Prompt: Everything in the listing below from the line containing "# Drawn here: x" through the line containing "blk = doc.blocks.new('ARCH')" must be repeated exactly; the remaining lines are not wanted.

----

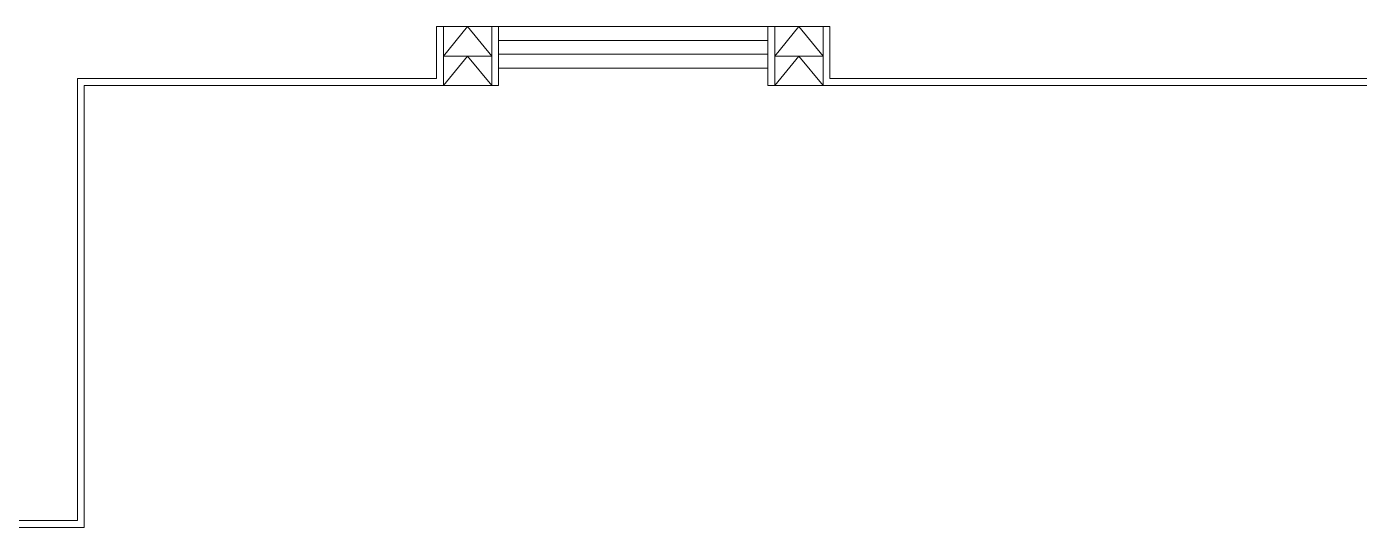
# Model space of a CAD drawing. Extents: x -15 to 165, y 313 to 399.
# Drawn here: x 95.42 to 124.38, y 336.52 to 347.4 of the extents above; entities that cross this region are included whole.
import ezdxf

# ---------------------------------------------------------------- set-up
doc = ezdxf.new("R2010")
doc.units = 0
doc.header["$LTSCALE"] = 0.15
doc.layers.add('0 sockets', color=252, linetype='Continuous')
doc.layers.add('anal', color=252, linetype='Continuous', lineweight=20)

# ---------------------------------------------------------------- blocks, each defined once
blk = doc.blocks.new('ARCH')
at = {"layer": 'anal'}
for p, q in [((104.325, 346.275), (104.325, 347.4)), ((112.875, 347.4), (104.325, 347.4)), ((104.475, 346.125), (104.475, 347.4)), ((104.475, 346.762), (105, 347.4)), ((105, 347.4), (105.525, 346.762)), ((105.525, 347.4), (105.525, 346.125)), ((105.675, 347.4), (105.675, 346.125)), ((111.525, 347.4), (111.525, 346.125)), ((111.675, 347.4), (111.675, 346.125)), ((111.675, 346.762), (112.2, 347.4)), ((112.2, 347.4), (112.725, 346.762)), ((112.725, 346.125), (112.725, 347.4)), ((112.875, 346.275), (112.875, 347.4)), ((111.525, 347.1), (105.675, 347.1)), ((104.475, 346.125), (105, 346.762)), ((104.475, 346.762), (105.525, 346.762)), ((105, 346.762), (105.525, 346.125)), ((111.525, 346.8), (105.675, 346.8)), ((111.675, 346.762), (112.725, 346.762)), ((111.675, 346.125), (112.2, 346.762)), ((112.2, 346.762), (112.725, 346.125)), ((111.525, 346.5), (105.675, 346.5)), ((96.525, 346.275), (96.525, 339)), ((104.325, 346.275), (96.525, 346.275)), ((96.675, 346.125), (96.675, 339)), ((104.475, 346.125), (96.675, 346.125)), ((105.525, 346.125), (104.475, 346.125)), ((105.675, 346.125), (105.525, 346.125)), ((111.675, 346.125), (111.525, 346.125)), ((112.725, 346.125), (111.675, 346.125)), ((135.075, 346.125), (112.725, 346.125)), ((134.925, 346.275), (112.875, 346.275)), ((96.525, 339), (96.525, 336.675)), ((96.675, 339), (96.675, 336.525)), ((96.525, 336.675), (58.125, 336.675)), ((96.675, 336.525), (60, 336.525))]:
    blk.add_line(p, q, dxfattribs=at)

msp = doc.modelspace()

# ---------------------------------------------------------------- block references
at = {"layer": '0 sockets', "color": 3}
msp.add_blockref('ARCH', (0, 0), dxfattribs=at)

doc.saveas('drawing.dxf')

----

Reply:
# Drawn here: x 95.42 to 124.38, y 336.52 to 347.4 of the extents above; entities that cross this region are included whole.
import ezdxf

# ---------------------------------------------------------------- set-up
doc = ezdxf.new("R2010")
doc.units = 0
doc.header["$LTSCALE"] = 0.15
doc.layers.add('0 sockets', color=252, linetype='Continuous')
doc.layers.add('anal', color=252, linetype='Continuous', lineweight=20)

# ---------------------------------------------------------------- blocks, each defined once
blk = doc.blocks.new('ARCH')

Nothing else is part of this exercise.